**THE TASK**
In the records below, find the line with "#173=DIRECTION('',(0.,0.,1.));" and the line with "#180=EDGE_LOOP('',(#179));". Print both exactly, along with every line between them, and no other line.

MATERIAL SUPPLIED below:

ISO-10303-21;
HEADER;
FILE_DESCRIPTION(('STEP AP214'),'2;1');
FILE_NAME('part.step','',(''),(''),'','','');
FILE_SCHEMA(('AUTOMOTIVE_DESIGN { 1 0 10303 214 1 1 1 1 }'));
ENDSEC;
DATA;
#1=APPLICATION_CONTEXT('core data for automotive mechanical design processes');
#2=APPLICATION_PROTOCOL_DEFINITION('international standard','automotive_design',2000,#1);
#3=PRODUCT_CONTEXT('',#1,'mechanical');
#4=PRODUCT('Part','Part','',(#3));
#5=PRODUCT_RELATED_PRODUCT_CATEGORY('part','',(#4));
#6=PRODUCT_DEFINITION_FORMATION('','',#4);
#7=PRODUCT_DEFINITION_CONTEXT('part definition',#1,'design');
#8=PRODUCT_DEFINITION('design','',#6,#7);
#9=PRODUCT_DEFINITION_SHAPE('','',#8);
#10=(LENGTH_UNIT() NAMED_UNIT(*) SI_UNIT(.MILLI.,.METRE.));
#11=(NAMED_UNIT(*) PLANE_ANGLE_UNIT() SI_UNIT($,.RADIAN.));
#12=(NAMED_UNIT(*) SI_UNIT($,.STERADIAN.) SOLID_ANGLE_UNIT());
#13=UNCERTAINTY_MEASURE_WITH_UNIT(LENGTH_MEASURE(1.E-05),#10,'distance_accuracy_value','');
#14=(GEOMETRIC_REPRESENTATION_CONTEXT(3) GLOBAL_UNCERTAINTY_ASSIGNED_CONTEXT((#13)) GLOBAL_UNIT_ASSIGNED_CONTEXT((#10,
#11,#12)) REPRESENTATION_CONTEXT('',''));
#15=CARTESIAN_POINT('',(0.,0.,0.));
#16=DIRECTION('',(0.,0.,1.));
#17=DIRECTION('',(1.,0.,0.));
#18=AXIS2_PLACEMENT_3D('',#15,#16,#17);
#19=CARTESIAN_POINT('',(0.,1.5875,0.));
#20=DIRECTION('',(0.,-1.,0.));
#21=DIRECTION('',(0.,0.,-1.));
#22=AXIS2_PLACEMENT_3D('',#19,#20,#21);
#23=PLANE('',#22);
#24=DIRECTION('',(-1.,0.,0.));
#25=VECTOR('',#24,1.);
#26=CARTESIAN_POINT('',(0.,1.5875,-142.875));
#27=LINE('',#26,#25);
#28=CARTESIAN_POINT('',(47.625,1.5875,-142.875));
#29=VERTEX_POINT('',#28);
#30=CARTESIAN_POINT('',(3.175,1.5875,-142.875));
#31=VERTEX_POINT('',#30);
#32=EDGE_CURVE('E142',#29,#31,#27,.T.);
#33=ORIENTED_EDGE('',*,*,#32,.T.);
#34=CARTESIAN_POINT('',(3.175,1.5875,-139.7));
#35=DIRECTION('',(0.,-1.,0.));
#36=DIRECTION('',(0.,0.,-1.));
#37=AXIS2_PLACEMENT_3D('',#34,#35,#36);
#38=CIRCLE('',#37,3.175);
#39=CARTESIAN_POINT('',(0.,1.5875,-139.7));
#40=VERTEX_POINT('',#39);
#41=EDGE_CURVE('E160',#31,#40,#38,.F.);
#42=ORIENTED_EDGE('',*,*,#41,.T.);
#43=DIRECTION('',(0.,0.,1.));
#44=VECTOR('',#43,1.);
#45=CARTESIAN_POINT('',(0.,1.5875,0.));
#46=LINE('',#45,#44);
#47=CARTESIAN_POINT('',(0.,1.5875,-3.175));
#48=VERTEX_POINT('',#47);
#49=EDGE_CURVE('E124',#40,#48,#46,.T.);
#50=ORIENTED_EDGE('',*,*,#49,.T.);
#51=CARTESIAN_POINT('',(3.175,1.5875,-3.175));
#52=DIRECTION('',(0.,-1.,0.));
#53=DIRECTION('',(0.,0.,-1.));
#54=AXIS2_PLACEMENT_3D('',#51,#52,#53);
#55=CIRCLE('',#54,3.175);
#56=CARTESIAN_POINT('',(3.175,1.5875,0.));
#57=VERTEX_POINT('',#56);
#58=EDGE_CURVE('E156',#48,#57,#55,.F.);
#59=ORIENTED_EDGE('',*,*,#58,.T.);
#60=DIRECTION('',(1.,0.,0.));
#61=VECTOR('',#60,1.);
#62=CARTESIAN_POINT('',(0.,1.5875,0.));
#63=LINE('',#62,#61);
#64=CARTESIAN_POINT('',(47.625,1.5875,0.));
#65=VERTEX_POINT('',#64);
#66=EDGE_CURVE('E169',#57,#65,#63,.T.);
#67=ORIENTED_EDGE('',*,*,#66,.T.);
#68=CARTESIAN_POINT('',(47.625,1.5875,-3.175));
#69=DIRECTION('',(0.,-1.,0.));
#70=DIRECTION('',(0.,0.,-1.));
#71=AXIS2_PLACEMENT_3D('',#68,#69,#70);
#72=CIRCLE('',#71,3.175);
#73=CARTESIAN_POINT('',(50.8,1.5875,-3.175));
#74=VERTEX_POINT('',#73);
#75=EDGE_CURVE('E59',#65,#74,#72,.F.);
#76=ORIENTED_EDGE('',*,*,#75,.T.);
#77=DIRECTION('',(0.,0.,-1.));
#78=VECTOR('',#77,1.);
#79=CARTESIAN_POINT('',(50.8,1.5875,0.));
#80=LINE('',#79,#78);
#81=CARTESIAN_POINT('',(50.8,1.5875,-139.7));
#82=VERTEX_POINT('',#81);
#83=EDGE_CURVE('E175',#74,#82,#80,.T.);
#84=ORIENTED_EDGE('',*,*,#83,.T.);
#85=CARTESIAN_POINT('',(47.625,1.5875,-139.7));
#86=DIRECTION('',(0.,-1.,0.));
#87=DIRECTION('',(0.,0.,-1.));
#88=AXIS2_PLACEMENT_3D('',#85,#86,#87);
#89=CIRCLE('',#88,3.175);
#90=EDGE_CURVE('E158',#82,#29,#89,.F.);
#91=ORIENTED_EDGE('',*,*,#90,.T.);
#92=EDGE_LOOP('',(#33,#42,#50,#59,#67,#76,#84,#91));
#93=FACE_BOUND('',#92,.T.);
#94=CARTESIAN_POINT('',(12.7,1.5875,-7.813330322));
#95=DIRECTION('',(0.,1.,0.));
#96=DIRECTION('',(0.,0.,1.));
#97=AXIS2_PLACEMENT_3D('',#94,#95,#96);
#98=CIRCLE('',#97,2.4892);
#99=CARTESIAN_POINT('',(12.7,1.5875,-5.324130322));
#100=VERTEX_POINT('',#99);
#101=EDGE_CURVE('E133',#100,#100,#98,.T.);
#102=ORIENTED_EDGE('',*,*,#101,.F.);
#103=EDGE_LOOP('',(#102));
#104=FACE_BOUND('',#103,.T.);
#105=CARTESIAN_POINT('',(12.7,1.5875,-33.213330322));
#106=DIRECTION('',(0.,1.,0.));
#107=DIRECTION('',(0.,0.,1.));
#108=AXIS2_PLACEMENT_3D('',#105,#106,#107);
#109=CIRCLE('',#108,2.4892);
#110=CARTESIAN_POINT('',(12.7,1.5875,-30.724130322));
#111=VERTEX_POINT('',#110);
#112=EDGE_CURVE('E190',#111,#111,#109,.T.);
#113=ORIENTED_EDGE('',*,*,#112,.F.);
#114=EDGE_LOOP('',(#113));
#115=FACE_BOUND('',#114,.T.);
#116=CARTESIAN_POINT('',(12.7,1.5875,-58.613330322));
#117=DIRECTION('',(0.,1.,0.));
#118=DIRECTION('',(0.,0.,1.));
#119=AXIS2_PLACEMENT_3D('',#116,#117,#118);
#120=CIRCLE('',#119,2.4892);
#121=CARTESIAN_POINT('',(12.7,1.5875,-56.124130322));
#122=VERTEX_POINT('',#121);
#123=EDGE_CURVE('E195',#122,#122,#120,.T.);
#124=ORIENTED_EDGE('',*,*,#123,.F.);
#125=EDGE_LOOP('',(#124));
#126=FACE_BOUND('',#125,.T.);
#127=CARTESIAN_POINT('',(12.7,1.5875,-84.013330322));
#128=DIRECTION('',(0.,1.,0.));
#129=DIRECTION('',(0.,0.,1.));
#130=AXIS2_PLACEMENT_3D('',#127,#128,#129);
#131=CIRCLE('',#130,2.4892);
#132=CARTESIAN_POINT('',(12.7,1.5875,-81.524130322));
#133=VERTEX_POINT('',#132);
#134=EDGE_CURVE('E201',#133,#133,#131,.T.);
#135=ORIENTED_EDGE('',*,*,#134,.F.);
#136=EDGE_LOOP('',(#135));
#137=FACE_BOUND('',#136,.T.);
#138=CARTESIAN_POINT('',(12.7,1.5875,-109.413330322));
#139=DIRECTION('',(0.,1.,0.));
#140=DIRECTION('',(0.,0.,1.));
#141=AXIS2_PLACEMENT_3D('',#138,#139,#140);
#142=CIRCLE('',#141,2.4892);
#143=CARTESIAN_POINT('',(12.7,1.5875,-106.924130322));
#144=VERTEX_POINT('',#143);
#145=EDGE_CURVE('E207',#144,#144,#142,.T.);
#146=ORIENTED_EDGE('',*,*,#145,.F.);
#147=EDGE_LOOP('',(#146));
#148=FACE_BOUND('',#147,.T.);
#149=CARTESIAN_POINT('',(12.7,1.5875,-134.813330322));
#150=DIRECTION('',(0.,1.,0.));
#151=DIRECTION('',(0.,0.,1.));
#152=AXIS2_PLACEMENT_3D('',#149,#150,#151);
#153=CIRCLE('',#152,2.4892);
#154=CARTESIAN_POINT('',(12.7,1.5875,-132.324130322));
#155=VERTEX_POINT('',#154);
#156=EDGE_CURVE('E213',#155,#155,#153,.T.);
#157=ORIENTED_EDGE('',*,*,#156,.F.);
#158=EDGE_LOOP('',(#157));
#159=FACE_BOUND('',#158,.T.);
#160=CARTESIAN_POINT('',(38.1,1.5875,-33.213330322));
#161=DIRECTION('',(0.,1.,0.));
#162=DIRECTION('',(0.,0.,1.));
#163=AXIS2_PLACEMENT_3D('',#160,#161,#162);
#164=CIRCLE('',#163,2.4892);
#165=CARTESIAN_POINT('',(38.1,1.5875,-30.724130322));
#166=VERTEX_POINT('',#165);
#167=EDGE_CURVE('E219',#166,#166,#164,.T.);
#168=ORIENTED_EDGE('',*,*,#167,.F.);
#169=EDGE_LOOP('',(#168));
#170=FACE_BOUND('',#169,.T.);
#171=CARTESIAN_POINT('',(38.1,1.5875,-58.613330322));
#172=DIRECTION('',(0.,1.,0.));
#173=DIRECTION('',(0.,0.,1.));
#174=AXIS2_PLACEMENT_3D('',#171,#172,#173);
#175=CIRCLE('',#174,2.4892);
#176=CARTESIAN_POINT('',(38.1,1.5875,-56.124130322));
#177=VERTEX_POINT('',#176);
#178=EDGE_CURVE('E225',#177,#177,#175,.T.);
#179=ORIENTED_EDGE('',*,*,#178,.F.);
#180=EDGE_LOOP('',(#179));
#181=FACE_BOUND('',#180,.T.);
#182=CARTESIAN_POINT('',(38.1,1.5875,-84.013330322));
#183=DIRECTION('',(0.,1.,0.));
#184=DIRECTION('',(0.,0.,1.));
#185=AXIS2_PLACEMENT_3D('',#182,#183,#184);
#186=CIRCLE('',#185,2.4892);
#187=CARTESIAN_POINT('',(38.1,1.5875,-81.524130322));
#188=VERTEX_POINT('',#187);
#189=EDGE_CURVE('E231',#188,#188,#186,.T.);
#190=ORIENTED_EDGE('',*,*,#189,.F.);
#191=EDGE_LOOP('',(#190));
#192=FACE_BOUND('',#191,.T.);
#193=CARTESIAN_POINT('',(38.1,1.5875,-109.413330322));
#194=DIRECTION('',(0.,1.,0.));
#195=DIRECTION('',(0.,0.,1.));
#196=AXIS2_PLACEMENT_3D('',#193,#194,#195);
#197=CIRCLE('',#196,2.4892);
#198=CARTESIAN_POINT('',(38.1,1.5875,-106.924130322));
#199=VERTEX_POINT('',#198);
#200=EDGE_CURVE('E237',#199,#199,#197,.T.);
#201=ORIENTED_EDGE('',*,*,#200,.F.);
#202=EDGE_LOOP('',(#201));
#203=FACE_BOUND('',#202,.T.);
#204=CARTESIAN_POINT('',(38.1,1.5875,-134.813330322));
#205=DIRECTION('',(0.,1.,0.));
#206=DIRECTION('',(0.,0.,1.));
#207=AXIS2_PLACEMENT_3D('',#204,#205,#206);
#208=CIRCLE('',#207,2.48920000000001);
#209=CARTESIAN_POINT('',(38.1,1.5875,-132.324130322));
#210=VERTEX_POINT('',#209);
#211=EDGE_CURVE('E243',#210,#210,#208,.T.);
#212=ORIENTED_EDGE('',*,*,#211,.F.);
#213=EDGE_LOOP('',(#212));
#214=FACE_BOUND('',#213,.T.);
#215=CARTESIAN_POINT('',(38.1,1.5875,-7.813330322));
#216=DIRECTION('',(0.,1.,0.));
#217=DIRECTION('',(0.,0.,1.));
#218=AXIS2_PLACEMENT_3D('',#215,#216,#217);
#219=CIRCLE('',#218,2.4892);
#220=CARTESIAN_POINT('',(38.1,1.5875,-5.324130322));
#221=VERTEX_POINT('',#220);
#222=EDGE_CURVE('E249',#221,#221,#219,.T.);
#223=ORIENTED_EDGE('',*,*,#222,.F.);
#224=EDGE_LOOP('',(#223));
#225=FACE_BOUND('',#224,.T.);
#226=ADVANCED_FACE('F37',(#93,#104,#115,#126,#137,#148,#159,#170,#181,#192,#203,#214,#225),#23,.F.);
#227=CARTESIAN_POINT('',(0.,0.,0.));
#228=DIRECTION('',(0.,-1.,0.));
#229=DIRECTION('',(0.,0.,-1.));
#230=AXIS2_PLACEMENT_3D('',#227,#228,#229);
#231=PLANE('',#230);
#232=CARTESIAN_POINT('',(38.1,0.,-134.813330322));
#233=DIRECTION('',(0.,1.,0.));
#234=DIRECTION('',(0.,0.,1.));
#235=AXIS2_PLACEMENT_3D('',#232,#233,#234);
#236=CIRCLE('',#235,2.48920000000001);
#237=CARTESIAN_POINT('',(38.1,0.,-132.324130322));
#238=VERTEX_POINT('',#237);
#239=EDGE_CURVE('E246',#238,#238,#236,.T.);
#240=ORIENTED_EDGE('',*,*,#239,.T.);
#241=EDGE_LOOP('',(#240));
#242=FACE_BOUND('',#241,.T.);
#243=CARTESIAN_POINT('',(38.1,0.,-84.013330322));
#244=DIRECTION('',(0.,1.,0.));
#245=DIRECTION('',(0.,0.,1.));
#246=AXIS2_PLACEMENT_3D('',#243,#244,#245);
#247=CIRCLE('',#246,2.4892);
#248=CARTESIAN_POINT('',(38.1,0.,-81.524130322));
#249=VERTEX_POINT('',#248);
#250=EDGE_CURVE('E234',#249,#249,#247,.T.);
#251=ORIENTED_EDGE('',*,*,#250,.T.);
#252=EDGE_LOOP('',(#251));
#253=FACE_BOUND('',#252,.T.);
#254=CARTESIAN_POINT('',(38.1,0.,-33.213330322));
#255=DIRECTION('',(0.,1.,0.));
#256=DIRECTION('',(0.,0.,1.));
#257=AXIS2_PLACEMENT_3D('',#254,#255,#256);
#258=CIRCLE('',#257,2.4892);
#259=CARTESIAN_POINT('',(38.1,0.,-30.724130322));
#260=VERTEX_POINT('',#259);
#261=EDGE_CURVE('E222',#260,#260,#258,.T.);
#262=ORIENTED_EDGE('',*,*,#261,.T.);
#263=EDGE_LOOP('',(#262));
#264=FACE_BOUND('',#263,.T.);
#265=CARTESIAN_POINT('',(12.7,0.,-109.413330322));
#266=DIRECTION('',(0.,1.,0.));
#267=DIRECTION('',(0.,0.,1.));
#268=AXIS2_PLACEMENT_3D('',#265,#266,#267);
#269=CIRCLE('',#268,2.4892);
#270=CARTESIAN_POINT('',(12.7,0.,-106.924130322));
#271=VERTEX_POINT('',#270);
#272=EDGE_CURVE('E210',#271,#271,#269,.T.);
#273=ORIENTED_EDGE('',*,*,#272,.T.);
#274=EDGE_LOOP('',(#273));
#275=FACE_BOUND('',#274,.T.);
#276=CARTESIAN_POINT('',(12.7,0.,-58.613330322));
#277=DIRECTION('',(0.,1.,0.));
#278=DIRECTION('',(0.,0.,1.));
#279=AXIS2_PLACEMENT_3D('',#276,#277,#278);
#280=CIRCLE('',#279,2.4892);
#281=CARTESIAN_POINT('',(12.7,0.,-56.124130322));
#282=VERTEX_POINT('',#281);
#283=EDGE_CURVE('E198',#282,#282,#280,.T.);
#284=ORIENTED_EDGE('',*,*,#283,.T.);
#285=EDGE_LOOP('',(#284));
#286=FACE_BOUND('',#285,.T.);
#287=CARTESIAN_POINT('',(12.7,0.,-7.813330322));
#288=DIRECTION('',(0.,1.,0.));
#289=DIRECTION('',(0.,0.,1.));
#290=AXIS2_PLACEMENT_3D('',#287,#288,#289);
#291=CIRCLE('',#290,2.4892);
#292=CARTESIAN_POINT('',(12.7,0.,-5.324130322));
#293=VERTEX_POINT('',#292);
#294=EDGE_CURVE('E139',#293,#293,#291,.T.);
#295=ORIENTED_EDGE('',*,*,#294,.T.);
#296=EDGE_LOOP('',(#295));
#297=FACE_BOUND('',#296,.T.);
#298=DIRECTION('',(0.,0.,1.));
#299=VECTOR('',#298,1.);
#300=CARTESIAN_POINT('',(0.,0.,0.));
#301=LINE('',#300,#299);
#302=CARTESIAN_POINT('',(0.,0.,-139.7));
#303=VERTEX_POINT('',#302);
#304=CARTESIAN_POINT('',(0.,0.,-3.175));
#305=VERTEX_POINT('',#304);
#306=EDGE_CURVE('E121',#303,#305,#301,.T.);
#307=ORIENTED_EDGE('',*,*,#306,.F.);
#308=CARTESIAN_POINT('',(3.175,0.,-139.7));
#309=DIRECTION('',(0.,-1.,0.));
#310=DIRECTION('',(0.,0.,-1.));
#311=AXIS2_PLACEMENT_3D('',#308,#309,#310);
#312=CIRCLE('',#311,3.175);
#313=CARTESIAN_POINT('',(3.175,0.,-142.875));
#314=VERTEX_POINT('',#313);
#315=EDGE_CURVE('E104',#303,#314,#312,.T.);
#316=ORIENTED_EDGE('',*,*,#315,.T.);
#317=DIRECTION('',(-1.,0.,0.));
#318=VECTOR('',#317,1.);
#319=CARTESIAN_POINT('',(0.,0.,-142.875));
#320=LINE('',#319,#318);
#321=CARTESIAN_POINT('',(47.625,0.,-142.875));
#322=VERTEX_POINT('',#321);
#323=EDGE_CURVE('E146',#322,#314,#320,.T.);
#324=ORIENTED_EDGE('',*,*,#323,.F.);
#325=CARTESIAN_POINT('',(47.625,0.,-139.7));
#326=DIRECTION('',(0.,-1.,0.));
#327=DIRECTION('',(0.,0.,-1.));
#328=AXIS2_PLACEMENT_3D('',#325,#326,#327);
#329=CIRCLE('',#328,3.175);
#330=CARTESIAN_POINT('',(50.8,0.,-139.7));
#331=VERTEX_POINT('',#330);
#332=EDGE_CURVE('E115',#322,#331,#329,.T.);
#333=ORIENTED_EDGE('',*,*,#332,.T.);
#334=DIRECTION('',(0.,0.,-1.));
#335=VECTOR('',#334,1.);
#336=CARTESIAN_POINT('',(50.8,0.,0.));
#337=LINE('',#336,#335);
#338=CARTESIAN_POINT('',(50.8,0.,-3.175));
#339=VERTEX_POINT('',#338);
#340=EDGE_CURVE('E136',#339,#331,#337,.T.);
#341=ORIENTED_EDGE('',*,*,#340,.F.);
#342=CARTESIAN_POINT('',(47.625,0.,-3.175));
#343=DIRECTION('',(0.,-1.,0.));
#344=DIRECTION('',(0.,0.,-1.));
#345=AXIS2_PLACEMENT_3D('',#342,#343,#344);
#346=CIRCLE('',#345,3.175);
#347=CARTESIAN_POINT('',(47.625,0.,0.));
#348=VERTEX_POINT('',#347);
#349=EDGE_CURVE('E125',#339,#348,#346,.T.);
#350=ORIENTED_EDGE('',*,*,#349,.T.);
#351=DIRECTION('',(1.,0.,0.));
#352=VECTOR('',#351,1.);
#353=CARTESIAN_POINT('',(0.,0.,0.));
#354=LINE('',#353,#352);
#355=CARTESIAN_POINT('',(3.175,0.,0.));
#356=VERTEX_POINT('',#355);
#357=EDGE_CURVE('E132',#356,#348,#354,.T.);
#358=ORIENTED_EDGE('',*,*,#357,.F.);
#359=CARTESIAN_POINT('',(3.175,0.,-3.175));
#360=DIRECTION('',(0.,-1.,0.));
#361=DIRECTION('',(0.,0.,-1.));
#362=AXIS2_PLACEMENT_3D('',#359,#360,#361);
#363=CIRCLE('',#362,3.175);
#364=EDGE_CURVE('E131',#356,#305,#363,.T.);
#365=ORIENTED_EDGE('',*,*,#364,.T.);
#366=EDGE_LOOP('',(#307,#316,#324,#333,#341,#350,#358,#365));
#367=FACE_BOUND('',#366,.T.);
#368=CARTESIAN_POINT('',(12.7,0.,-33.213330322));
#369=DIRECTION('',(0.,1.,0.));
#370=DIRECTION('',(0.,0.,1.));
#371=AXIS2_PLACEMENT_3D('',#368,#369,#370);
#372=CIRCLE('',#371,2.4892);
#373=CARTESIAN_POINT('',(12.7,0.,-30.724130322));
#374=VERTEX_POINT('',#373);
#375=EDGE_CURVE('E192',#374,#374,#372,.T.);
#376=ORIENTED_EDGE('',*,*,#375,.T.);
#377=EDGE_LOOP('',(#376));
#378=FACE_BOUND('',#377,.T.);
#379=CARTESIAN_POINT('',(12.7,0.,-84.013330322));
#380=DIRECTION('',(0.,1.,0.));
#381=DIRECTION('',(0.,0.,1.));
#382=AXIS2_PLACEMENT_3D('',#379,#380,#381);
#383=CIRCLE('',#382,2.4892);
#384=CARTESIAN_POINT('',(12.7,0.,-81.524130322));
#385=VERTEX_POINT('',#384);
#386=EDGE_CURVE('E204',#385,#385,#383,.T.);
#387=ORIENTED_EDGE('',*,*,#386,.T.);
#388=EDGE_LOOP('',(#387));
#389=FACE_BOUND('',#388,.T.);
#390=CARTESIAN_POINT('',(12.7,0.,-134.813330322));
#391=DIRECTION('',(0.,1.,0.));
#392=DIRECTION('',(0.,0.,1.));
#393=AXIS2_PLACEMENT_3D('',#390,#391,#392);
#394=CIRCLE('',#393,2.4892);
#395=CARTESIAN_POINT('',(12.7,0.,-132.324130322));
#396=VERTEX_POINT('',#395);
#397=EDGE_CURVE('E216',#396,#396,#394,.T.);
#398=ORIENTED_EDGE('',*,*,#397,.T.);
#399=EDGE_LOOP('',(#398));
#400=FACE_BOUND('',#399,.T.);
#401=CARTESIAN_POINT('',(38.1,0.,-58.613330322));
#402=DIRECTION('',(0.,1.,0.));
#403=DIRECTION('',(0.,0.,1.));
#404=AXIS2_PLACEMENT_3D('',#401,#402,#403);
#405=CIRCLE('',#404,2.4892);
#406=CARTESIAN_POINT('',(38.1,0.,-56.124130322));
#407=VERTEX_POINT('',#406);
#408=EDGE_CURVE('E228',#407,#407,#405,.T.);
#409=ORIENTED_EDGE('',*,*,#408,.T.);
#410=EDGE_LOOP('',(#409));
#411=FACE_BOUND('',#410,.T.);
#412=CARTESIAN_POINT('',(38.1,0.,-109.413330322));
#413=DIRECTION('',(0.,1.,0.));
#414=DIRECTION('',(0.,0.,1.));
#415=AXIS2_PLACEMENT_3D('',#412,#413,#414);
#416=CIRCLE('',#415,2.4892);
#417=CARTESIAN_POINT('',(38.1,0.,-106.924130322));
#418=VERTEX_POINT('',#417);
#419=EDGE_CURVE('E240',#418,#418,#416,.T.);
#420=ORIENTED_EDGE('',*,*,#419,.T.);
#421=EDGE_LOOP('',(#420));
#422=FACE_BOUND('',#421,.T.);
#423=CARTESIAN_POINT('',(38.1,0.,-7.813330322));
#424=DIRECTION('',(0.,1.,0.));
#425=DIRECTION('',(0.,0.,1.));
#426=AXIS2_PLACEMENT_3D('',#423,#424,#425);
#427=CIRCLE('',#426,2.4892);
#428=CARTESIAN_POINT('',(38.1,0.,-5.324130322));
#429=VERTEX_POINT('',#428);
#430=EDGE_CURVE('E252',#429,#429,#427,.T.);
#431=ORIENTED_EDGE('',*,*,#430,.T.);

End of MATERIAL SUPPLIED.

**WRITTEN REPLY**
#173=DIRECTION('',(0.,0.,1.));
#174=AXIS2_PLACEMENT_3D('',#171,#172,#173);
#175=CIRCLE('',#174,2.4892);
#176=CARTESIAN_POINT('',(38.1,1.5875,-56.124130322));
#177=VERTEX_POINT('',#176);
#178=EDGE_CURVE('E225',#177,#177,#175,.T.);
#179=ORIENTED_EDGE('',*,*,#178,.F.);
#180=EDGE_LOOP('',(#179));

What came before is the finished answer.